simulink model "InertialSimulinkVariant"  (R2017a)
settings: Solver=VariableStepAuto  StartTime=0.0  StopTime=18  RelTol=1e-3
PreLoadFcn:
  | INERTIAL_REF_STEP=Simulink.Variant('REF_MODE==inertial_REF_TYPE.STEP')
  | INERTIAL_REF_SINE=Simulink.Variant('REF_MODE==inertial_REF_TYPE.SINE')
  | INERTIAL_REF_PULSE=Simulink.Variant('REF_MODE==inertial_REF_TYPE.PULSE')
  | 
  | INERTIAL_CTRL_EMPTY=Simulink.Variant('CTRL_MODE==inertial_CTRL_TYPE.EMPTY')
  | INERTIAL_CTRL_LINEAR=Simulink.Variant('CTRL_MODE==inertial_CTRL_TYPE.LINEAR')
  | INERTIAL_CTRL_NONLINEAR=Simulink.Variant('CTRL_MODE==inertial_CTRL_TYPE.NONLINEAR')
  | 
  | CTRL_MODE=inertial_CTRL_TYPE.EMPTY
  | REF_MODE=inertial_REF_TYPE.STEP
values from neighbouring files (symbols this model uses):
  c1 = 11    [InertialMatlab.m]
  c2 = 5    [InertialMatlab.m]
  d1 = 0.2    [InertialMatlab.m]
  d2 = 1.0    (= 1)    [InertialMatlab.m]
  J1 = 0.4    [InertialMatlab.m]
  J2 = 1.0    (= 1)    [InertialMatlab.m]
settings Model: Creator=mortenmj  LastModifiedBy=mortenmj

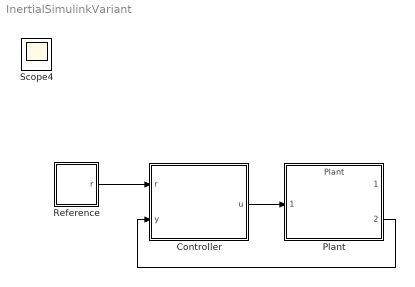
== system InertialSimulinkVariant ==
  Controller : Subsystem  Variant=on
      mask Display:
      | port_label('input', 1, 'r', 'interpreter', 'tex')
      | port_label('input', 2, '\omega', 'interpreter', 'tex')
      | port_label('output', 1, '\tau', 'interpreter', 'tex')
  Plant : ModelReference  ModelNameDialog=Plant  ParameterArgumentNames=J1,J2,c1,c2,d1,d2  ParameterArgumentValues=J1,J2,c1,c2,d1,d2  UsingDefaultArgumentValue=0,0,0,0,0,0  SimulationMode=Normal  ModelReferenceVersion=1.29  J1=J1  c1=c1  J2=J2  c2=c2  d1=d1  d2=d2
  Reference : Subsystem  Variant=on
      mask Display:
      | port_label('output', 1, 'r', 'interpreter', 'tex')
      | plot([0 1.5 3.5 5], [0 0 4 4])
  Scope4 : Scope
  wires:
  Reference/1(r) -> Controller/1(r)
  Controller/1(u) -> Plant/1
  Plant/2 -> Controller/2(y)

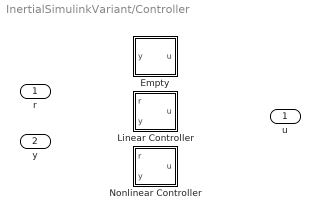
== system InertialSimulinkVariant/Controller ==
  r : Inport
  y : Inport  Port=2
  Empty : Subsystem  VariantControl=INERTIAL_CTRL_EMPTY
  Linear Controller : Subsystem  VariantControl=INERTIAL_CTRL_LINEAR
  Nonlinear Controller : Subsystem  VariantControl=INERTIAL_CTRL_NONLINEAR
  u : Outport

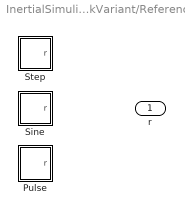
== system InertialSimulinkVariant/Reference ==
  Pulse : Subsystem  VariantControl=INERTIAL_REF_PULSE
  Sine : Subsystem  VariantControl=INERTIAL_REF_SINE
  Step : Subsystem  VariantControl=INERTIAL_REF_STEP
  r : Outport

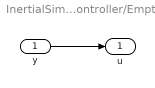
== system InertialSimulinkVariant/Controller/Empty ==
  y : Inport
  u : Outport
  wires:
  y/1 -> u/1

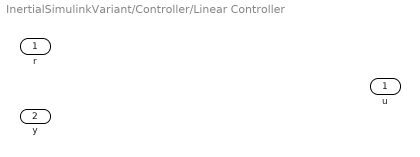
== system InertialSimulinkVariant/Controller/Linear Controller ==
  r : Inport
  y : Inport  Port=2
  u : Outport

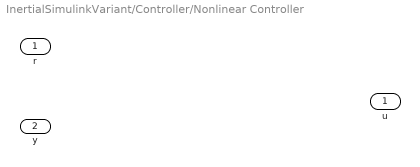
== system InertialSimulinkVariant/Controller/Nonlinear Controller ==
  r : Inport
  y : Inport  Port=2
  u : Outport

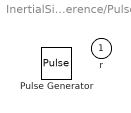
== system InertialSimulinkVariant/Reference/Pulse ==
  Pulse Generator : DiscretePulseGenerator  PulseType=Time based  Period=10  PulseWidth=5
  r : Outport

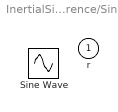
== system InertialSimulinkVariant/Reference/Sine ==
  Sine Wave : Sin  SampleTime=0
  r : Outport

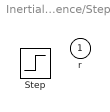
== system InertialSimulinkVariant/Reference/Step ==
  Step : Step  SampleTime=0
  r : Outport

++++++++++++++++++++

• [Task brief]:
In your copy of the listing above, reproduce each line exactly and omit all pictures.

• [Finished task]:
simulink model "InertialSimulinkVariant"  (R2017a)
settings: Solver=VariableStepAuto  StartTime=0.0  StopTime=18  RelTol=1e-3
PreLoadFcn:
  | INERTIAL_REF_STEP=Simulink.Variant('REF_MODE==inertial_REF_TYPE.STEP')
  | INERTIAL_REF_SINE=Simulink.Variant('REF_MODE==inertial_REF_TYPE.SINE')
  | INERTIAL_REF_PULSE=Simulink.Variant('REF_MODE==inertial_REF_TYPE.PULSE')
  | 
  | INERTIAL_CTRL_EMPTY=Simulink.Variant('CTRL_MODE==inertial_CTRL_TYPE.EMPTY')
  | INERTIAL_CTRL_LINEAR=Simulink.Variant('CTRL_MODE==inertial_CTRL_TYPE.LINEAR')
  | INERTIAL_CTRL_NONLINEAR=Simulink.Variant('CTRL_MODE==inertial_CTRL_TYPE.NONLINEAR')
  | 
  | CTRL_MODE=inertial_CTRL_TYPE.EMPTY
  | REF_MODE=inertial_REF_TYPE.STEP
values from neighbouring files (symbols this model uses):
  c1 = 11    [InertialMatlab.m]
  c2 = 5    [InertialMatlab.m]
  d1 = 0.2    [InertialMatlab.m]
  d2 = 1.0    (= 1)    [InertialMatlab.m]
  J1 = 0.4    [InertialMatlab.m]
  J2 = 1.0    (= 1)    [InertialMatlab.m]
settings Model: Creator=mortenmj  LastModifiedBy=mortenmj

== system InertialSimulinkVariant ==
  Controller : Subsystem  Variant=on
      mask Display:
      | port_label('input', 1, 'r', 'interpreter', 'tex')
      | port_label('input', 2, '\omega', 'interpreter', 'tex')
      | port_label('output', 1, '\tau', 'interpreter', 'tex')
  Plant : ModelReference  ModelNameDialog=Plant  ParameterArgumentNames=J1,J2,c1,c2,d1,d2  ParameterArgumentValues=J1,J2,c1,c2,d1,d2  UsingDefaultArgumentValue=0,0,0,0,0,0  SimulationMode=Normal  ModelReferenceVersion=1.29  J1=J1  c1=c1  J2=J2  c2=c2  d1=d1  d2=d2
  Reference : Subsystem  Variant=on
      mask Display:
      | port_label('output', 1, 'r', 'interpreter', 'tex')
      | plot([0 1.5 3.5 5], [0 0 4 4])
  Scope4 : Scope
  wires:
  Reference/1(r) -> Controller/1(r)
  Controller/1(u) -> Plant/1
  Plant/2 -> Controller/2(y)

== system InertialSimulinkVariant/Controller ==
  r : Inport
  y : Inport  Port=2
  Empty : Subsystem  VariantControl=INERTIAL_CTRL_EMPTY
  Linear Controller : Subsystem  VariantControl=INERTIAL_CTRL_LINEAR
  Nonlinear Controller : Subsystem  VariantControl=INERTIAL_CTRL_NONLINEAR
  u : Outport

== system InertialSimulinkVariant/Reference ==
  Pulse : Subsystem  VariantControl=INERTIAL_REF_PULSE
  Sine : Subsystem  VariantControl=INERTIAL_REF_SINE
  Step : Subsystem  VariantControl=INERTIAL_REF_STEP
  r : Outport

== system InertialSimulinkVariant/Controller/Empty ==
  y : Inport
  u : Outport
  wires:
  y/1 -> u/1

== system InertialSimulinkVariant/Controller/Linear Controller ==
  r : Inport
  y : Inport  Port=2
  u : Outport

== system InertialSimulinkVariant/Controller/Nonlinear Controller ==
  r : Inport
  y : Inport  Port=2
  u : Outport

== system InertialSimulinkVariant/Reference/Pulse ==
  Pulse Generator : DiscretePulseGenerator  PulseType=Time based  Period=10  PulseWidth=5
  r : Outport

== system InertialSimulinkVariant/Reference/Sine ==
  Sine Wave : Sin  SampleTime=0
  r : Outport

== system InertialSimulinkVariant/Reference/Step ==
  Step : Step  SampleTime=0
  r : Outport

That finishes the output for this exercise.